Reproduce each line of the entries that carries "surface".

--- START ---

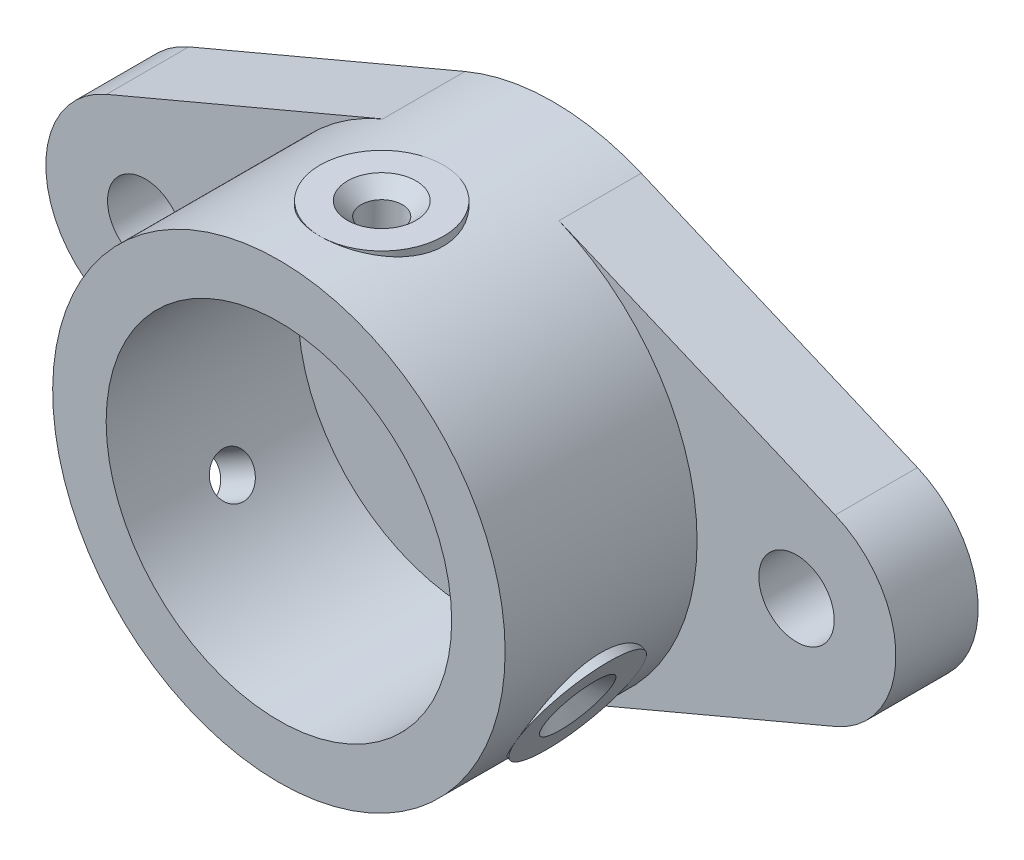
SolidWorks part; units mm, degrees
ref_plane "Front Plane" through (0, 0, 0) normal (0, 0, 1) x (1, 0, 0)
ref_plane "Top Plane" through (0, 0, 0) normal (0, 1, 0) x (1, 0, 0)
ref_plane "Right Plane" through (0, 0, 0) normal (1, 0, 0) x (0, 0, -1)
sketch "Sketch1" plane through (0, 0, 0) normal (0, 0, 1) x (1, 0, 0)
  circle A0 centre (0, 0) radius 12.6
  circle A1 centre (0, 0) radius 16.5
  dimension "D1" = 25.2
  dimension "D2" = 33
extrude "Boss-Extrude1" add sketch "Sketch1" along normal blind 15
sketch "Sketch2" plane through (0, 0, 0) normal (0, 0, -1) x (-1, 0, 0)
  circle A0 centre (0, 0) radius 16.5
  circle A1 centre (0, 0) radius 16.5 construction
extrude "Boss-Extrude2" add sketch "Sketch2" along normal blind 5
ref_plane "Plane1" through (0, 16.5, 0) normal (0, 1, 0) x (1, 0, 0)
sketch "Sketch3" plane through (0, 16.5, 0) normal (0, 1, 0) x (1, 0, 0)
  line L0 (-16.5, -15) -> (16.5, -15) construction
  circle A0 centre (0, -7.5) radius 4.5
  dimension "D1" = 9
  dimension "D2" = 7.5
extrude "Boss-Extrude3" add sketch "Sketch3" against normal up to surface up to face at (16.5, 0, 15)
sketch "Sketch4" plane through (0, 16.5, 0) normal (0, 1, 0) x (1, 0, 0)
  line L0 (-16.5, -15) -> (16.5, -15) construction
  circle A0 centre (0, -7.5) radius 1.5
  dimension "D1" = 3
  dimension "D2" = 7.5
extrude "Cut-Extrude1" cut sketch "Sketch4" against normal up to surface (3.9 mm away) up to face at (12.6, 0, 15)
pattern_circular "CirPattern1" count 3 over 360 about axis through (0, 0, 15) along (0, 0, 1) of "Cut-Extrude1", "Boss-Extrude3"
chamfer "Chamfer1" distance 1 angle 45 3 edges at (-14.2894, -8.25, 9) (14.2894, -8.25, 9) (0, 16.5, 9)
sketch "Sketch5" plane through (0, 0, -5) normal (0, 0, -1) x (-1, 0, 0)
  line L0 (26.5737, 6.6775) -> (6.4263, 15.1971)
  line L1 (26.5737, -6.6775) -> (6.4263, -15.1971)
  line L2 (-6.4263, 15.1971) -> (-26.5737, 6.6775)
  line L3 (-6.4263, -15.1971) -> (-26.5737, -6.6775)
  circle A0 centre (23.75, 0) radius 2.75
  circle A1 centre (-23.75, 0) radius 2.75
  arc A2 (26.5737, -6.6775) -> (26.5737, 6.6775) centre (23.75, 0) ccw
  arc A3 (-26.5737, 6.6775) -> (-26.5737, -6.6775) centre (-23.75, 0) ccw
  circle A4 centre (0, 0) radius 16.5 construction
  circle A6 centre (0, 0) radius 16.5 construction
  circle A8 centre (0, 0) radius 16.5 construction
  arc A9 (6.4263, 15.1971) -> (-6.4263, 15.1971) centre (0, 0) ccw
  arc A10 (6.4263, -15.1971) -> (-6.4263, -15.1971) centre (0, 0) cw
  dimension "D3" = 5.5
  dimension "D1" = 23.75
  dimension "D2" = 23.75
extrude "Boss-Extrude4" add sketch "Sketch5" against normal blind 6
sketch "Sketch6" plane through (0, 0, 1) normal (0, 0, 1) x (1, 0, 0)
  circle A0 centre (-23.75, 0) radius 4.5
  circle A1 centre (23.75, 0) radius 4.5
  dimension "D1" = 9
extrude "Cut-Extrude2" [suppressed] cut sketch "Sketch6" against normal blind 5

--- END ---

**Response:**
extrude "Boss-Extrude3" add sketch "Sketch3" against normal up to surface up to face at (16.5, 0, 15)
extrude "Cut-Extrude1" cut sketch "Sketch4" against normal up to surface (3.9 mm away) up to face at (12.6, 0, 15)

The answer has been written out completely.